Lorraine M. Sheehan, a tenacious disability rights advocate who served in the General Assembly and had been Maryland's secretary of state, died of pneumonia complicated by cystic fibrosis Saturday at Johns Hopkins Hospital. The Edgewater resident was 72.

Family members said that Ms. Sheehan resolved to become involved in defending the rights of the disabled after physicians advised her to place a son diagnosed with autism and retardation in an institution. Years later, she fought successfully to close the Rosewood Center, a hospital for the severely disabled; the facility in Owings Mills closed in June.

Born Lorraine Cantin in Manchester, N.H., she attended schools there and moved to New York City, Scranton, Pa., and Prince George's County, where her husband, Peter Sheehan, was a union organizer.

The mother of four children, she became frustrated with the medical - and later education - communities when a doctor at Children's Hospital in Washington advised her to institutionalize her son.
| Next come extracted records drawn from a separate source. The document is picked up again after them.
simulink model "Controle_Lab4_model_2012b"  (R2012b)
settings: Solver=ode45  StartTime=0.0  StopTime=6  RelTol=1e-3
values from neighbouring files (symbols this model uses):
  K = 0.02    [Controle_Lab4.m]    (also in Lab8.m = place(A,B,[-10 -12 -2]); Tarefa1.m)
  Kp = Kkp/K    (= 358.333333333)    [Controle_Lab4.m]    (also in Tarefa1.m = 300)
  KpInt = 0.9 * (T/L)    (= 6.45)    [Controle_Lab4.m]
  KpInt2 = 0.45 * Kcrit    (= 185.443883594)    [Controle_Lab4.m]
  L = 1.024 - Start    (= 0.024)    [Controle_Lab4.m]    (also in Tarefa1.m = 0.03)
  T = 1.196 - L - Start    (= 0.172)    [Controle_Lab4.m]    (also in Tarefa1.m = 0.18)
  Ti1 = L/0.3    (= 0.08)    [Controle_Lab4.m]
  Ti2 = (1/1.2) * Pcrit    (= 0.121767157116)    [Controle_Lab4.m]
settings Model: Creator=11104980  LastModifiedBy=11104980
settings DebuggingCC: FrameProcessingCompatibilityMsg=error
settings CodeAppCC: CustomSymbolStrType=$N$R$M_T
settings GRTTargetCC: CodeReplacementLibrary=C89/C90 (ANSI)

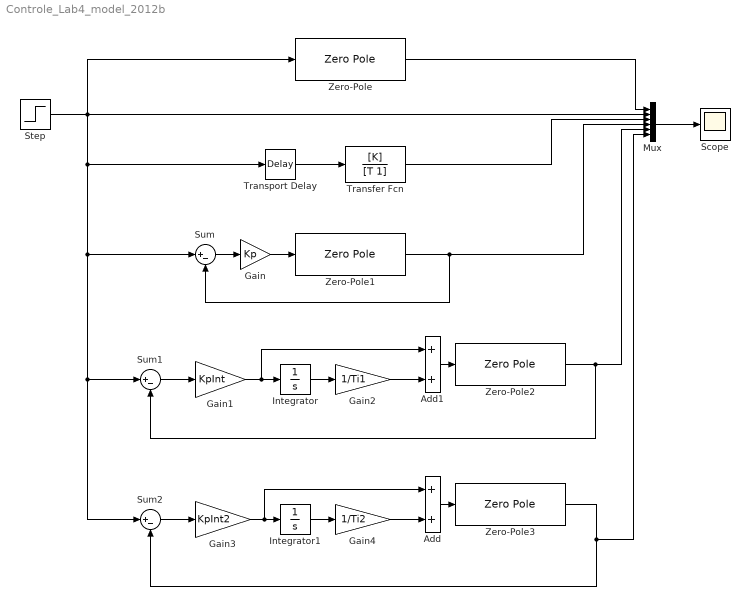
== system Controle_Lab4_model_2012b ==
  Add : Sum
  Add1 : Sum
  Gain : Gain  Gain=Kp
  Gain1 : Gain  Gain=KpInt
  Gain2 : Gain  Gain=1/Ti1
  Gain3 : Gain  Gain=KpInt2
  Gain4 : Gain  Gain=1/Ti2
  Integrator : Integrator
  Integrator1 : Integrator
  Mux : Mux  Inputs=6
  Scope : Scope
      settings: SaveName=y
  Step : Step  SampleTime=0
  Sum : Sum  Inputs=|+-
  Sum1 : Sum  Inputs=|+-
  Sum2 : Sum  Inputs=|+-
  Transfer Fcn : TransferFcn  Numerator=[K]  Denominator=[T 1]
  Transport Delay : TransportDelay  DelayTime=L
  Zero-Pole{,1..3} (4 alike) : ZeroPole  Zeros=[]  Poles=[-20 -25 -30]  Gain=[300]
  wires:
  Zero-Pole/1 -> Mux/1
  Mux/1 -> Scope/1
  Transport Delay/1 -> Transfer Fcn/1
  Transfer Fcn/1 -> Mux/3
  Zero-Pole2/1 -> Sum1/2, Mux/5
  Sum1/1 -> Gain1/1
  Gain1/1 -> Add1/1, Integrator/1
  Integrator/1 -> Gain2/1
  Sum/1 -> Gain/1
  Gain/1 -> Zero-Pole1/1
  Zero-Pole1/1 -> Sum/2, Mux/4
  Zero-Pole3/1 -> Sum2/2, Mux/6
  Sum2/1 -> Gain3/1
  Gain3/1 -> Add/1, Integrator1/1
  Integrator1/1 -> Gain4/1
  Step/1 -> Mux/2, Transport Delay/1, Sum/1, Sum1/1, Sum2/1, Zero-Pole/1
  Add/1 -> Zero-Pole3/1
  Gain4/1 -> Add/2
  Gain2/1 -> Add1/2
  Add1/1 -> Zero-Pole2/1

She later directed much of her energy to finding ways to independently house people with disabilities.

"She was tenacious, kind and fair," said her daughter, Laura Carr of Edgewater. "She was a very strong person who was ready to fight for the underdog."

Ms. Sheehan was elected to the Maryland House of Delegates in 1974 and represented a district in Prince George's County. She was re-elected in 1978 and 1982, and during that period successfully campaigned to have the Washington Metro subway system routed to serve blue-collar workers who lived near Branch Avenue. Newspaper articles described her as a champion of women's issues, and she supported abortion rights.

Ms. Sheehan served on the House Judiciary Committee and the House Ways and Means Committee.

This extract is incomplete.